You appear to be going in the right direction looking at your readings and discontinued meds


----------



## Flower (Jun 20, 2018)

Hello Shaz, welcome to the forum 

You've been through a tough time but hopefully things will start to improve from here on. Living with such high sugars due to all the problems you've had with diagnosis makes you feel so poorly and affects everything, physically and mentally. It is a shock to realise just how unwell you've been feeling with your body desperate for energy. Getting a  proper insulin pattern up and running will make you feel so much better.

Once you get established on separate injections for long acting basal and quick acting bolus things will start to improve. Mixed insulin like you're on at present requires you to feed the insulin  with the right amount of carbs which is very restrictive whereas with basal/bolus you choose your carbs and match the insulin dose to cover them. It will give you a lot more flexibility.

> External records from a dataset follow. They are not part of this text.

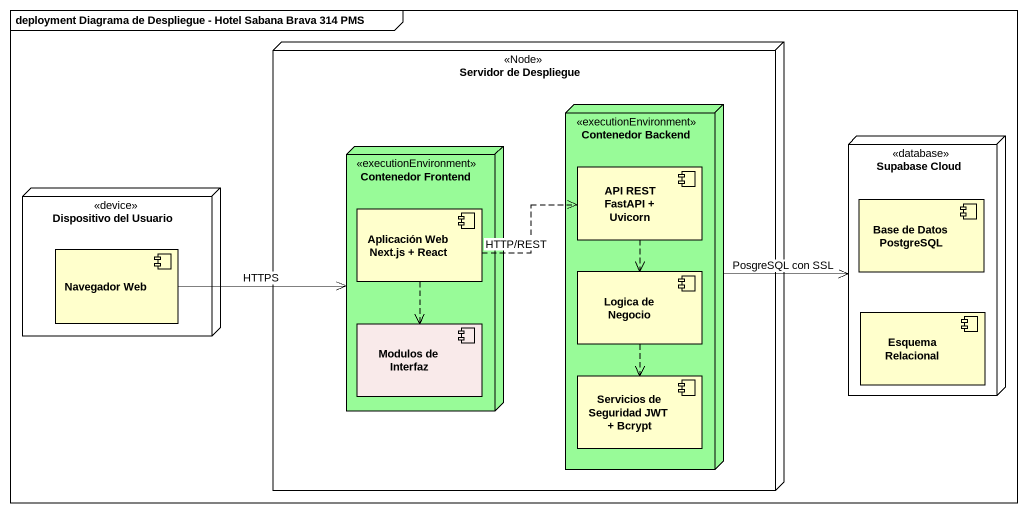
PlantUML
@startuml
mainframe deployment Diagrama de Despliegue - Hotel Sabana Brava 314 PMS
node "Servidor de Despliegue" as Servidor_de_Despliegue <<Node>> {
  node "Contenedor Backend" as Contenedor_Backend <<executionEnvironment>> #98FB98 {
    component "API REST FastAPI + Uvicorn" as API_REST_FastAPI_Uvicorn
    component "Logica de Negocio" as Logica_de_Negocio
    component "Servicios de Seguridad JWT + Bcrypt" as Servicios_de_Seguridad_JWT
  }
  node "Contenedor Frontend" as Contenedor_Frontend <<executionEnvironment>> #98FB98 {
    component "Aplicación Web Next.js + React" as Aplicación_Web_Next_js_React
    component "Modulos de Interfaz" as Modulos_de_Interfaz #F9EAEA
  }
}
node "Supabase Cloud" as Supabase_Cloud <<database>> {
  component "Base de Datos PostgreSQL" as Base_de_Datos_PostgreSQL
  component "Esquema Relacional" as Esquema_Relacional
}
node "Dispositivo del Usuario" as Dispositivo_del_Usuario <<device>> {
  component "Navegador Web" as Navegador_Web
}
Contenedor_Backend -right-> Supabase_Cloud : PosgreSQL con SSL
API_REST_FastAPI_Uvicorn ..> Logica_de_Negocio
Aplicación_Web_Next_js_React .right.> API_REST_FastAPI_Uvicorn : HTTP/REST
Aplicación_Web_Next_js_React ..> Modulos_de_Interfaz
Navegador_Web -right-> Contenedor_Frontend : HTTPS
Logica_de_Negocio ..> Servicios_de_Seguridad_JWT
@enduml
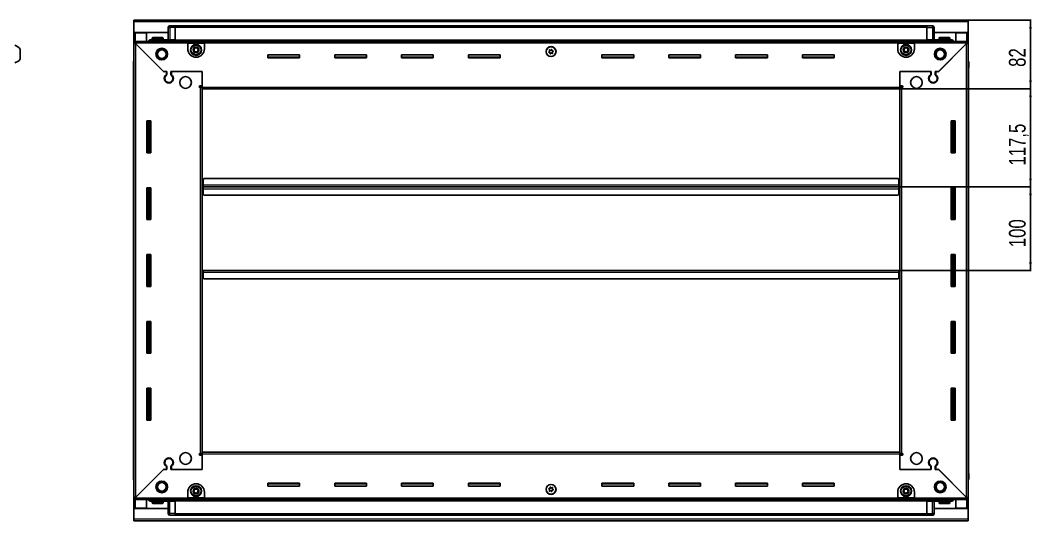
# Model space of a CAD drawing. Header units: millimetres. Extents: x 1415 to 5180, y -465 to 1640.
# Drawn here: x 3969 to 5180, y 877 to 1476 of the extents above; entities that cross this region are included whole.
import ezdxf

# ---------------------------------------------------------------- set-up
doc = ezdxf.new("R2010")
doc.units = ezdxf.units.MM
doc.layers.add('FORMAT', color=7, linetype='Continuous')
doc.styles.add('SLDTEXTSTYLE0', font='TXT', dxfattribs={"width": 0.75})
doc.dimstyles.new('SLDDIMSTYLE0', dxfattribs={"dimtxt": 20, "dimasz": 10, "dimexe": 0, "dimexo": 0.0625, "dimgap": 5, "dimtad": 2, "dimdec": 1, "dimrnd": 1e-09, "dimzin": 12, "dimdsep": 46, "dimtxsty": 'SLDTEXTSTYLE0', "dimsah": 1, "dimcen": 0.09, "dimadec": 0, "dimazin": 3, "dimtfac": 1, "dimtofl": 0, "dimtmove": 0, "dimatfit": 3, "dimfxl": 0, "dimfrac": 2, "dimtolj": 1, "dimtzin": 12, "dimarcsym": 0})

# ---------------------------------------------------------------- blocks, each defined once
blk = doc.blocks.new('_D_6')
at = {"layer": 'FORMAT'}
for p, q in [((5104.2, 1475.8), (5179.7, 1475.8)), ((5178.7, 1475.8), (5178.7, 1393.8)), ((5022.2, 1393.8), (5179.7, 1393.8))]:
    blk.add_line(p, q, dxfattribs=at)
for points in [[(5178.7, 1475.8), (5177.2, 1465.8), (5180.2, 1465.8)], [(5178.7, 1393.8), (5180.2, 1403.8), (5177.2, 1403.8)]]:
    blk.add_solid(points, dxfattribs=at)
at = {"layer": 'FORMAT', "insert": (5152.9, 1420), "char_height": 20, "attachment_point": 1, "rotation": 90, "style": 'SLDTEXTSTYLE0'}
blk.add_mtext('82', dxfattribs=at)
blk = doc.blocks.new('_D_7')
at = {"layer": 'FORMAT'}
for p, q in [((5021.2, 1276.3), (5179.7, 1276.3)), ((5178.7, 1276.3), (5178.7, 1176.3)), ((5021.2, 1176.3), (5179.7, 1176.3))]:
    blk.add_line(p, q, dxfattribs=at)
for points in [[(5178.7, 1276.3), (5177.2, 1266.3), (5180.2, 1266.3)], [(5178.7, 1176.3), (5180.2, 1186.3), (5177.2, 1186.3)]]:
    blk.add_solid(points, dxfattribs=at)
at = {"layer": 'FORMAT', "insert": (5152.9, 1204.2), "char_height": 20, "attachment_point": 1, "rotation": 90, "style": 'SLDTEXTSTYLE0'}
blk.add_mtext('100', dxfattribs=at)
blk = doc.blocks.new('_D_8')
at = {"layer": 'FORMAT'}
for p, q in [((5022.2, 1393.8), (5179.7, 1393.8)), ((5178.7, 1393.8), (5178.7, 1276.3)), ((5021.2, 1276.3), (5179.7, 1276.3))]:
    blk.add_line(p, q, dxfattribs=at)
for points in [[(5178.7, 1393.8), (5177.2, 1383.8), (5180.2, 1383.8)], [(5178.7, 1276.3), (5180.2, 1286.3), (5177.2, 1286.3)]]:
    blk.add_solid(points, dxfattribs=at)
at = {"layer": 'FORMAT', "insert": (5152.9, 1301.8), "char_height": 20, "attachment_point": 1, "rotation": 90, "style": 'SLDTEXTSTYLE0'}
blk.add_mtext('117,5', dxfattribs=at)

msp = doc.modelspace()

# ---------------------------------------------------------------- linework, layer by layer
at = {"color": 7, "linetype": 'Continuous', "lineweight": 25}
for p, q in [((4105.21, 1475.82), (5104.21, 1475.82)), ((4105.21, 1473.72), (4105.21, 1475.82)), ((4105.21, 1461.32), (4105.21, 1473.72)), ((4146.21, 1452.32), (4146.21, 1467.32)), ((4146.89, 1468.82), (4146.89, 1468.82)), ((4148.21, 1469.32), (4154.71, 1469.32)), ((4148.21, 1469.32), (4154.71, 1469.32)), ((4154.71, 1469.32), (4154.71, 1469.32)), ((4154.71, 1469.32), (4154.71, 1469.32)), ((4154.71, 1469.32), (4154.71, 1467.32)), ((5054.71, 1469.17), (4154.71, 1469.17)), ((4154.71, 1452.32), (4154.71, 1467.32)), ((5054.71, 1469.32), (5054.71, 1469.32)), ((5061.21, 1469.32), (5054.71, 1469.32)), ((5061.21, 1469.32), (5054.71, 1469.32)), ((5054.71, 1469.32), (5054.71, 1467.32)), ((5054.71, 1452.32), (5054.71, 1467.32)), ((5063.21, 1467.32), (5063.21, 1467.32)), ((5063.21, 1452.32), (5063.21, 1467.32)), ((5104.21, 1475.82), (5104.21, 1473.72)), ((5104.21, 1473.72), (5104.21, 1461.32)), ((4146.21, 1461.32), (4105.21, 1461.32)), ((4105.21, 1460.82), (4105.21, 1461.32)), ((4105.21, 1450.57), (4105.21, 1460.82)), ((4105.21, 1460.82), (4107.31, 1460.82)), ((4106.71, 1460.82), (4106.71, 1461.32)), ((4120.21, 1460.82), (4107.31, 1460.82)), ((4120.21, 1450.57), (4120.21, 1460.82)), ((4127.21, 1454.22), (4127.21, 1452.32)), ((4128.01, 1455.02), (4139.41, 1455.02)), ((4140.21, 1452.32), (4140.21, 1454.22)), ((5104.21, 1461.32), (5063.21, 1461.32)), ((5069.21, 1454.22), (5069.21, 1452.32)), ((5070.01, 1455.02), (5081.41, 1455.02)), ((5082.21, 1452.32), (5082.21, 1454.22)), ((5089.21, 1460.82), (5102.11, 1460.82)), ((5089.21, 1450.57), (5089.21, 1460.82)), ((5102.11, 1460.82), (5104.21, 1460.82)), ((5102.71, 1460.82), (5102.71, 1461.32)), ((5104.21, 1460.82), (5104.21, 1461.32)), ((5104.21, 1460.82), (5104.21, 1450.57)), ((3969.23, 1429.32), (3969.23, 1441.32)), ((4105.21, 1449.07), (4105.21, 1450.57)), ((4105.21, 1450.57), (4106.21, 1450.57)), ((4105.21, 1448.57), (4105.21, 1449.07)), ((4105.21, 1449.07), (4106.21, 1449.07)), ((4105.21, 904.07), (4105.21, 1448.57)), ((4106.71, 1448.57), (4105.21, 1448.57)), ((4106.21, 1450.57), (4169.71, 1450.57)), ((4106.21, 1449.07), (4106.21, 1450.57)), ((4106.81, 1448.47), (4140.71, 1414.57)), ((4141.41, 1413.87), (4107.31, 1447.97)), ((4125.71, 1452.32), (4154.71, 1452.32)), ((4154.63, 1450.57), (4154.71, 1452.29)), ((4154.71, 1452.32), (4154.71, 1451.82)), ((4154.71, 1451.17), (5054.71, 1451.17)), ((4169.71, 1448.47), (4169.71, 1450.57)), ((4169.71, 1450.57), (4189.71, 1450.57)), ((4169.71, 1449.07), (4189.71, 1449.07)), ((4169.71, 1441.57), (4169.71, 1448.47)), ((4189.71, 1450.57), (4189.71, 1448.47)), ((4189.71, 1450.57), (5019.71, 1450.57)), ((4189.71, 1448.47), (4189.71, 1441.57)), ((5019.71, 1448.47), (5019.71, 1450.57)), ((5019.71, 1450.57), (5039.71, 1450.57)), ((5019.71, 1449.07), (5039.71, 1449.07)), ((5019.71, 1441.57), (5019.71, 1448.47)), ((5039.71, 1450.57), (5039.71, 1448.47)), ((5039.71, 1450.57), (5103.21, 1450.57)), ((5039.71, 1448.47), (5039.71, 1441.57)), ((5083.71, 1452.32), (5054.71, 1452.32)), ((5054.71, 1452.32), (5054.71, 1451.82)), ((5054.71, 1452.29), (5054.78, 1450.57)), ((5102.11, 1447.97), (5068.01, 1413.87)), ((5068.71, 1414.57), (5102.61, 1448.47)), ((5102.71, 1448.57), (5104.21, 1448.57)), ((5103.21, 1449.07), (5103.21, 1450.57)), ((5103.21, 1450.57), (5104.21, 1450.57)), ((5103.21, 1449.07), (5104.21, 1449.07)), ((5104.21, 1449.07), (5104.21, 1450.57)), ((5104.21, 1449.07), (5104.21, 1448.57)), ((5104.21, 1448.57), (5104.21, 904.07)), ((4303.71, 1434.32), (4265.71, 1434.32)), ((4265.71, 1434.32), (4265.71, 1430.82)), ((4303.71, 1431.57), (4265.71, 1431.57)), ((4265.71, 1430.82), (4303.71, 1430.82)), ((4303.71, 1430.82), (4303.71, 1434.32)), ((4383.71, 1434.32), (4345.71, 1434.32)), ((4345.71, 1434.32), (4345.71, 1430.82)), ((4383.71, 1431.57), (4345.71, 1431.57)), ((4345.71, 1430.82), (4383.71, 1430.82)), ((4383.71, 1430.82), (4383.71, 1434.32)), ((4463.71, 1434.32), (4425.71, 1434.32)), ((4425.71, 1434.32), (4425.71, 1430.82)), ((4463.71, 1431.57), (4425.71, 1431.57)), ((4425.71, 1430.82), (4463.71, 1430.82)), ((4463.71, 1430.82), (4463.71, 1434.32)), ((4543.71, 1434.32), (4505.71, 1434.32)), ((4505.71, 1434.32), (4505.71, 1430.82)), ((4543.71, 1431.57), (4505.71, 1431.57)), ((4505.71, 1430.82), (4543.71, 1430.82)), ((4543.71, 1430.82), (4543.71, 1434.32)), ((4703.71, 1434.32), (4665.71, 1434.32)), ((4665.71, 1434.32), (4665.71, 1430.82)), ((4703.71, 1431.57), (4665.71, 1431.57)), ((4665.71, 1430.82), (4703.71, 1430.82)), ((4703.71, 1430.82), (4703.71, 1434.32)), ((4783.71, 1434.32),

Type 1 or Late onset is an auto immune disease where your own body attacks and kills of the insulin producing cells in the pancreas, diet, exercise, weight loss won't make a jot of difference if your beta cells are failing. The only solution is to inject insulin.

Take it slowly, you've already been through the mill. It is a steep learning curve to get insulin and carbs sorted but achievable. I wish you well and hope you start to see improvements very soon.


----------



## Robin (Jun 20, 2018)

Shaz88 said:


> I don't know, something else which confuses as it is always presumed its weight related and losing weight miraculously reverses diabetes, which in my case, diet, exercise and weight loss has actually made me worse


Blame the press! They are always banging on about 'diabetes' and failing to distinguish between Type 1, which is an auto-immune condition where your immune system attacks your insulin producing cells,(for reasons as yet largely unknown) and Type 2 which can be associated ( but by no means always) with weight gain and fatty liver.


----------



## Martin9 (Jun 20, 2018)

Shaz88 said:


> I was over weight but certainly not now, after becoming so ill and losing so much weight they fast tracked me for cancer! They didn't deal with the diabetes! Very little support.
> I had a full body ct scan with dye and showed nothing sinister, in fact liver has never been abnormal or fatty and pancreas normal! So why I have become diabetic I don't know, something else which confuses as it is always presumed its weight related and losing weight miraculously reverses diabetes, which in my case, diet, exercise and weight loss has actually made me worse. Hope its all OK with you.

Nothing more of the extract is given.